Now 85 years of age, I look back to those far-off days immediately following the War as some of the happiest. I count myself fortunate in being brought up by loving parents - kept safe during five years of total war and spending my youth in a unique London suburb in a more innocent and less aggressive age. But I still haven’t decided what to do when I grow up!

Jim Hammer remembers

I was 16 and living in Allison Grove and surprisingly have absolutely no recollection of VE Day - except perhaps a wireless relay of Mall crowds shouting, ‘We want the King’. Perhaps my parents just felt relieved that it was over rather than celebratory. My father had lost his business which had traded with Europe and his parents had been killed by a direct hit during a daylight raid in 1941 My own parents also had had a narrow escape. For my aunts, it meant one of them no longer had to drive ambulances through the blitz and the blackout, or another, a consular official, no longer being cut off from home in Europe or for the third as someone bombed out, no longer needing to volunteer to help at canteens in London or even my mother providing evening refreshments to the troops manning the AA guns at the gunsite at the top of Grange Lane or the rocket battery in the fields between the golf course and Cox’s Walk. For my father there was no more Home Guard.

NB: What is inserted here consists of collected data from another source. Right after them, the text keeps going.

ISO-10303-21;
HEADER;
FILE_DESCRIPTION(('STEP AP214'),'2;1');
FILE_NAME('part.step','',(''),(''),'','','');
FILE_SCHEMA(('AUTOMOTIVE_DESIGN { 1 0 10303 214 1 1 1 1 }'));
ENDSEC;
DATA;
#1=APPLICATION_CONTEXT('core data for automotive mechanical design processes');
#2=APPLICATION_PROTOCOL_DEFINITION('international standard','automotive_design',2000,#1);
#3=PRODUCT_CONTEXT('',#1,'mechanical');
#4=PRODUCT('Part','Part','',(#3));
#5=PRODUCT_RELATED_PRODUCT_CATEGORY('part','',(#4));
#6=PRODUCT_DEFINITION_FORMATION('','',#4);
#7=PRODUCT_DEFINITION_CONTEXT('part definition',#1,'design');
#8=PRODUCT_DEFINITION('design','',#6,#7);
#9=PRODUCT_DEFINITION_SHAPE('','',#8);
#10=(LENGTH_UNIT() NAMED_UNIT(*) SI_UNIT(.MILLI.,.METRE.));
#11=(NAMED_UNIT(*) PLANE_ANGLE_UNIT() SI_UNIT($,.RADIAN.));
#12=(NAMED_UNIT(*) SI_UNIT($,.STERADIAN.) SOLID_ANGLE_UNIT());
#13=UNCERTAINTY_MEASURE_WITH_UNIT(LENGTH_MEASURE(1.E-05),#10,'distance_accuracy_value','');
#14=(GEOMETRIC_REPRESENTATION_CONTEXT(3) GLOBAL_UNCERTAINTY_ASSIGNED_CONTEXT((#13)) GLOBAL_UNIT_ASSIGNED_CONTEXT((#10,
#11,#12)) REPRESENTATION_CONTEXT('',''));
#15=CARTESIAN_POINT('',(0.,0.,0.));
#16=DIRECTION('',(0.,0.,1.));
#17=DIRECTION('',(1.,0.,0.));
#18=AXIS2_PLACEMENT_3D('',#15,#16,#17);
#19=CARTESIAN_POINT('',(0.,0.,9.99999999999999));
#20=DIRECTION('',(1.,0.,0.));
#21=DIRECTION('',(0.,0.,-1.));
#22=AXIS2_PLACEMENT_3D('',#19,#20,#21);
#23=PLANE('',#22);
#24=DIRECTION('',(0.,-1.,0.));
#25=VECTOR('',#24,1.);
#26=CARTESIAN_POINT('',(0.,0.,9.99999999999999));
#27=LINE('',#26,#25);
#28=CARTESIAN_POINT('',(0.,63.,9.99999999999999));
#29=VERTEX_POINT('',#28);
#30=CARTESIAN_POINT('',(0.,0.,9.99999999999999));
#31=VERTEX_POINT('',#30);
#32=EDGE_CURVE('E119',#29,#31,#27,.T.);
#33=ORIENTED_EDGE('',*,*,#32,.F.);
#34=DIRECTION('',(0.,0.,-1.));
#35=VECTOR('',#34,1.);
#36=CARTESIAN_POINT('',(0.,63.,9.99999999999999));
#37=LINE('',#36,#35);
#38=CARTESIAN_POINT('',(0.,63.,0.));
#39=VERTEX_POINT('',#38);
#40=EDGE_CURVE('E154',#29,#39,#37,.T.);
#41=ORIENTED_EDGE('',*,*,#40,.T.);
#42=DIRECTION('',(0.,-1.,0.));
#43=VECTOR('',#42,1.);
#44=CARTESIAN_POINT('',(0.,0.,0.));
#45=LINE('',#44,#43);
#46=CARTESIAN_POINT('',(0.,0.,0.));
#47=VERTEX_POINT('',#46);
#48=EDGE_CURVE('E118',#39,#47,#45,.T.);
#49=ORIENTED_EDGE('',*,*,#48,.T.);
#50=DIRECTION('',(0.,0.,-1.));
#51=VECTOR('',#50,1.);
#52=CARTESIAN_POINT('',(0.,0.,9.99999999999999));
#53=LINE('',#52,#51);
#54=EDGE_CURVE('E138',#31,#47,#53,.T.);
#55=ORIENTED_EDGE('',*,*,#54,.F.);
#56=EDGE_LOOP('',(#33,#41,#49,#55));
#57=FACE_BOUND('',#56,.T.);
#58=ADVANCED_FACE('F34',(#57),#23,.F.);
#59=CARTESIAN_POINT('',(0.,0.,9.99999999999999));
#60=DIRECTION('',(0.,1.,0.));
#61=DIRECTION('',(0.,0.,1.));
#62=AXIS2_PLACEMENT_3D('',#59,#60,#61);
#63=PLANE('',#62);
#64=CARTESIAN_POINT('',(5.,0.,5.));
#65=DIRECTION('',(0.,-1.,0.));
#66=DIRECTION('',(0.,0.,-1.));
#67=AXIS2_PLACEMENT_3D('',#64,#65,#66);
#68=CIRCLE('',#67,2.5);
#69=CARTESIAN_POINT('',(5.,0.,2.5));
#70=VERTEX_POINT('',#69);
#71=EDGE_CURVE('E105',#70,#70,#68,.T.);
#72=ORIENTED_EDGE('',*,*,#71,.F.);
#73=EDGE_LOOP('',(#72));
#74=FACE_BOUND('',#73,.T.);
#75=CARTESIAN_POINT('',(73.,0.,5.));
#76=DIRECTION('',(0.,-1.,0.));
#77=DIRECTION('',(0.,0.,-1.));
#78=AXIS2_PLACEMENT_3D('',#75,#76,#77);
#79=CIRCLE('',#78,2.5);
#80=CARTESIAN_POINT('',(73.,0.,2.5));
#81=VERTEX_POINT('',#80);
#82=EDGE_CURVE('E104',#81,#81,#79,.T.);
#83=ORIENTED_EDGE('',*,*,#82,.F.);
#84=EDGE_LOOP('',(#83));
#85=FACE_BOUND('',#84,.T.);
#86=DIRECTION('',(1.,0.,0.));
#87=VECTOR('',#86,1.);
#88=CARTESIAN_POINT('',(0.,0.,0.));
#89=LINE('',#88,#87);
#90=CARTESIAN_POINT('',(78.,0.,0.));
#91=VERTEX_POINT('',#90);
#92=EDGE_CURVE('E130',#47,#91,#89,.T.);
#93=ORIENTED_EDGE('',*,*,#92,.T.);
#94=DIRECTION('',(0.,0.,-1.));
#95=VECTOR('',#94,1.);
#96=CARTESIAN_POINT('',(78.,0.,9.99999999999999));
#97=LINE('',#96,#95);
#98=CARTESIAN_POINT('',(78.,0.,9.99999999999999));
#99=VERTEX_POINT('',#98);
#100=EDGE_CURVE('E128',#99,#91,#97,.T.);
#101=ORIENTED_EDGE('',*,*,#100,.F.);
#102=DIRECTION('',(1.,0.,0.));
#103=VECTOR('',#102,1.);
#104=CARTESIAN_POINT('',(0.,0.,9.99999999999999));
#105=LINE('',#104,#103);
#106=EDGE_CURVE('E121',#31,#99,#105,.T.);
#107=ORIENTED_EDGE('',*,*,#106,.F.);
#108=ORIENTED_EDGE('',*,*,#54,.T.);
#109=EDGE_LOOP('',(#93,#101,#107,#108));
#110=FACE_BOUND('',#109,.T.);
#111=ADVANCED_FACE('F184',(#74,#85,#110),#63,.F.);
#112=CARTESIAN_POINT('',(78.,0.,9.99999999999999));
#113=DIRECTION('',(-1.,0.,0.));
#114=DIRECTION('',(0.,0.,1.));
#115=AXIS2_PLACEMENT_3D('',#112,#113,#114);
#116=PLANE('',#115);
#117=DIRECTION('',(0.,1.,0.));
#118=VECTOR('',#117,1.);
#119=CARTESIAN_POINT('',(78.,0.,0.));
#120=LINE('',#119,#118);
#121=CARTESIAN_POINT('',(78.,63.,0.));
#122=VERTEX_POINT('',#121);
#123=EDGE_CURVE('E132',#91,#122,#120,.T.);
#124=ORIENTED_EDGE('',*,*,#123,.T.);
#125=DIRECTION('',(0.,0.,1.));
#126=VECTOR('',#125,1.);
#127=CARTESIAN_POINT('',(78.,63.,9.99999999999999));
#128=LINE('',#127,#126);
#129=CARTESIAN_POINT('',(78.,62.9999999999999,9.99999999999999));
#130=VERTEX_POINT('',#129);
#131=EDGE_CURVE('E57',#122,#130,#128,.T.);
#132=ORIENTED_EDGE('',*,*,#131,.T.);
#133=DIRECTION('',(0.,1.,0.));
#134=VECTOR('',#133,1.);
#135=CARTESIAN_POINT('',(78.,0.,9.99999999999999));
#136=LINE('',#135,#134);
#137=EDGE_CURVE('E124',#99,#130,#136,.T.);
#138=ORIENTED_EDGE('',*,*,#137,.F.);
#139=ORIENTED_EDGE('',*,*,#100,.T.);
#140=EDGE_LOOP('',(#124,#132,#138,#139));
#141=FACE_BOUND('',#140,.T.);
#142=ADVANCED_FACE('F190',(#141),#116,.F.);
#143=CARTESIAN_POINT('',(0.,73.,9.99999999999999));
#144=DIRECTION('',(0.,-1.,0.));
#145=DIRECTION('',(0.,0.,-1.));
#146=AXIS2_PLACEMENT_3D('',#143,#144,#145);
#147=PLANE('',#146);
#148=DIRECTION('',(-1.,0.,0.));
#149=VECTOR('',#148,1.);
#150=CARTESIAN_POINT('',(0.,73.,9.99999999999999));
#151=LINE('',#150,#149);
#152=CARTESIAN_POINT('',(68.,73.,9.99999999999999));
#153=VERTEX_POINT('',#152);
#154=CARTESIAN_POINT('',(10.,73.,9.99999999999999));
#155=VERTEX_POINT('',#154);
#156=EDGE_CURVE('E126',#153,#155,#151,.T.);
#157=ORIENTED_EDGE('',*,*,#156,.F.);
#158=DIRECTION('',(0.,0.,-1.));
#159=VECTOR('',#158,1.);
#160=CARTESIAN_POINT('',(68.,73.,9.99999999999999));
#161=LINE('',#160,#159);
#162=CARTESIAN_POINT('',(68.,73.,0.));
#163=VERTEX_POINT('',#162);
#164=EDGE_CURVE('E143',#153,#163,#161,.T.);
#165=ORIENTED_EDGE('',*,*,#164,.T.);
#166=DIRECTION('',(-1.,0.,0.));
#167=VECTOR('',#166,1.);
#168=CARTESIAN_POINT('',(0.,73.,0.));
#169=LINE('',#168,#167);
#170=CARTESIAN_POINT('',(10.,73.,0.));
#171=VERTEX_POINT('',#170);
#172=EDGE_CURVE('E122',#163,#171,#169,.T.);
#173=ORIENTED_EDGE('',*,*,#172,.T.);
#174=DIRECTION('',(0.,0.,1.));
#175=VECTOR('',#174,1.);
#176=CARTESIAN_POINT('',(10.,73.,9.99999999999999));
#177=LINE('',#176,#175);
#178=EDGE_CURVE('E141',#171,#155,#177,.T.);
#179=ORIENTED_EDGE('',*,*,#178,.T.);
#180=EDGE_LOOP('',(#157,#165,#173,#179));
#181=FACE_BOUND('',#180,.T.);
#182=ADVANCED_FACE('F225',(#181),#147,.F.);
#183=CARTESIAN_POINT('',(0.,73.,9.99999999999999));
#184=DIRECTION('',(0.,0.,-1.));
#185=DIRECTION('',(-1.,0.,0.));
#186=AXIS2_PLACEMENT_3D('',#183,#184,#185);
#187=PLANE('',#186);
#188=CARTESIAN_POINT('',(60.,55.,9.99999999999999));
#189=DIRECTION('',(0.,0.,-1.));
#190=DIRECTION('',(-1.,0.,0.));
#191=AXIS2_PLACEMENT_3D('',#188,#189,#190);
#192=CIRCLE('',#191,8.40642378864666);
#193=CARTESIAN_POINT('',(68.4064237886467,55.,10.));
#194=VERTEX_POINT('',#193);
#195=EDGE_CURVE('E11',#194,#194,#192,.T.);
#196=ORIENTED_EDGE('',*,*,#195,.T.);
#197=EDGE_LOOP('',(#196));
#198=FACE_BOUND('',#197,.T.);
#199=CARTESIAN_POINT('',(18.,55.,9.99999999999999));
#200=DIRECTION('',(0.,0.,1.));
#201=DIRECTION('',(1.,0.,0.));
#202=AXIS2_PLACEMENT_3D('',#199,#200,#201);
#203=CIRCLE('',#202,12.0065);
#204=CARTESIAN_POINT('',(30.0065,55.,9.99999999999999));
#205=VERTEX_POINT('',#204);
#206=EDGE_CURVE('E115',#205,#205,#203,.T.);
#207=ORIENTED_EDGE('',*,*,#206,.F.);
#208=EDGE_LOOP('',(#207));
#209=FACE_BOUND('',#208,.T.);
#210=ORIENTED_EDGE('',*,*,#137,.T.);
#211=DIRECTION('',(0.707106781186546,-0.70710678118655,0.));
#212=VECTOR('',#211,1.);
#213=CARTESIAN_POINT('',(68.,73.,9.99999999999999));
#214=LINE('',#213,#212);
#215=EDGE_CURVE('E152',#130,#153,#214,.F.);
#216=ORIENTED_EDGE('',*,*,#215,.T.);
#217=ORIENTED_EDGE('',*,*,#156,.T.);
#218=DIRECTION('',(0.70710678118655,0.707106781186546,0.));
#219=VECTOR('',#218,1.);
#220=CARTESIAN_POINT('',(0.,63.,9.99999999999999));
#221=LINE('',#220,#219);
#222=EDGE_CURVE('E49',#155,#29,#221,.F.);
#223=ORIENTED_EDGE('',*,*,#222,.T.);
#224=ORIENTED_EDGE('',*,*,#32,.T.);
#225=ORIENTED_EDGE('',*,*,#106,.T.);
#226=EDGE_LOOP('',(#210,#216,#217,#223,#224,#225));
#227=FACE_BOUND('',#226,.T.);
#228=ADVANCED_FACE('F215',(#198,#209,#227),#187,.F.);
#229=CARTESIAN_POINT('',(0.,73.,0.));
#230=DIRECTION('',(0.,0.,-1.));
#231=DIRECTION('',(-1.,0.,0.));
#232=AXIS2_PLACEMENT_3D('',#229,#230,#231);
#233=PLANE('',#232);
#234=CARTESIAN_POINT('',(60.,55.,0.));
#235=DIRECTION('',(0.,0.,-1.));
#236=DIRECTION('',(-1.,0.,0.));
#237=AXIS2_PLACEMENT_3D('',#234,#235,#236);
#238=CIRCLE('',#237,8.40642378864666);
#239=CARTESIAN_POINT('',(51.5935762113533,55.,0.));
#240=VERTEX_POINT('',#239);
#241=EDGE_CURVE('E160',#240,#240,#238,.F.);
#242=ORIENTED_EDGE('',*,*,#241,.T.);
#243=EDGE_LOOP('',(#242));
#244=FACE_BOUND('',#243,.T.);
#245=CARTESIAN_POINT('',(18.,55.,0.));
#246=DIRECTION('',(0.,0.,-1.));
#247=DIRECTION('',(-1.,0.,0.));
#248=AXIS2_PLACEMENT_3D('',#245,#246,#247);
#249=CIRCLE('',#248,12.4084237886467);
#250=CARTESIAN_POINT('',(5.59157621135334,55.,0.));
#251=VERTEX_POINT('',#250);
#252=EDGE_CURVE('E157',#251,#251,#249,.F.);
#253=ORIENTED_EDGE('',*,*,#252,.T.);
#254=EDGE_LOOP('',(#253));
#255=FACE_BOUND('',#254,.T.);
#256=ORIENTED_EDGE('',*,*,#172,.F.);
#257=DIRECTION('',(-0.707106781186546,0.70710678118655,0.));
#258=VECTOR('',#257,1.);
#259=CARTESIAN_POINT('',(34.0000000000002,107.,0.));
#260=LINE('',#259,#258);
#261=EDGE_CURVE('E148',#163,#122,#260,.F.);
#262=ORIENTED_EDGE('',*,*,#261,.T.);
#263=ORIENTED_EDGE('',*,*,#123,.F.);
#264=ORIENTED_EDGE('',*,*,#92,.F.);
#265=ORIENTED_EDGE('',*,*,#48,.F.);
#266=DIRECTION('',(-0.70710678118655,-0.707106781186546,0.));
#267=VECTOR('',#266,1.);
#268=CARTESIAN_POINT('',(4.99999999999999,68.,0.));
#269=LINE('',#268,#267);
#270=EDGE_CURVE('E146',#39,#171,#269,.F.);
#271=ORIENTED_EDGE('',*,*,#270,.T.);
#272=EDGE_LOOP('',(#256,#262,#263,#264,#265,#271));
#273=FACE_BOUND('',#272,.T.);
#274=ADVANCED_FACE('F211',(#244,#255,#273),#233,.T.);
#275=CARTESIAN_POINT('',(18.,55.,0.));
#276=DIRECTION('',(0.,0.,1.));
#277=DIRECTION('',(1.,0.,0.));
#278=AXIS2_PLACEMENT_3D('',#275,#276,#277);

At times the intervals between the wail of the air raid warning and the steady ‘all clear’, and then back again, had been so frequent that I had made a sliding panel (which I recently found) which showed either “thick” (red) or “clear”(green) - possibly useful if anyone had remembered to change it.

By 1945 we had got used to no longer fearing the doodlebug’s engine cutting out and the terrifying silence until the explosion. Was this one for us ? The V1 that destroyed the two houses that stood where Frank Dixon Way joins College Road was the nearest to us and the pervasive smell of fragmented ceiling plaster, the unexpected crunch of broken glass and doors in odd places remain unforgettable. By then too we had got used to no longer hosting barrage balloons in the parks and fields of Dulwich as they had been moved to the coast in the hope of intercepting V1’s, leaving Kent, Sussex and Surrey free for the fighters’ dangerous job of trying to shoot down a ton of flying high explosives. It was also a relief no longer being aware of the very remote chance of being killed, or worse, seriously injured by a V2. And gradually bombed houses such as those across the road or The Grange which had provided our adventure playgrounds would be demolished or rebuilt.

Whilst I remember exactly where I was when I learned of Hiroshima, VJ Day is a complete blank. My parents, whose lives had been turned upside down for the second time in 25 years just wanted to get on with their normal lives. But I think that we were all conscious that so many others had in every sense lost so much more and that we had been fortunate to have survived.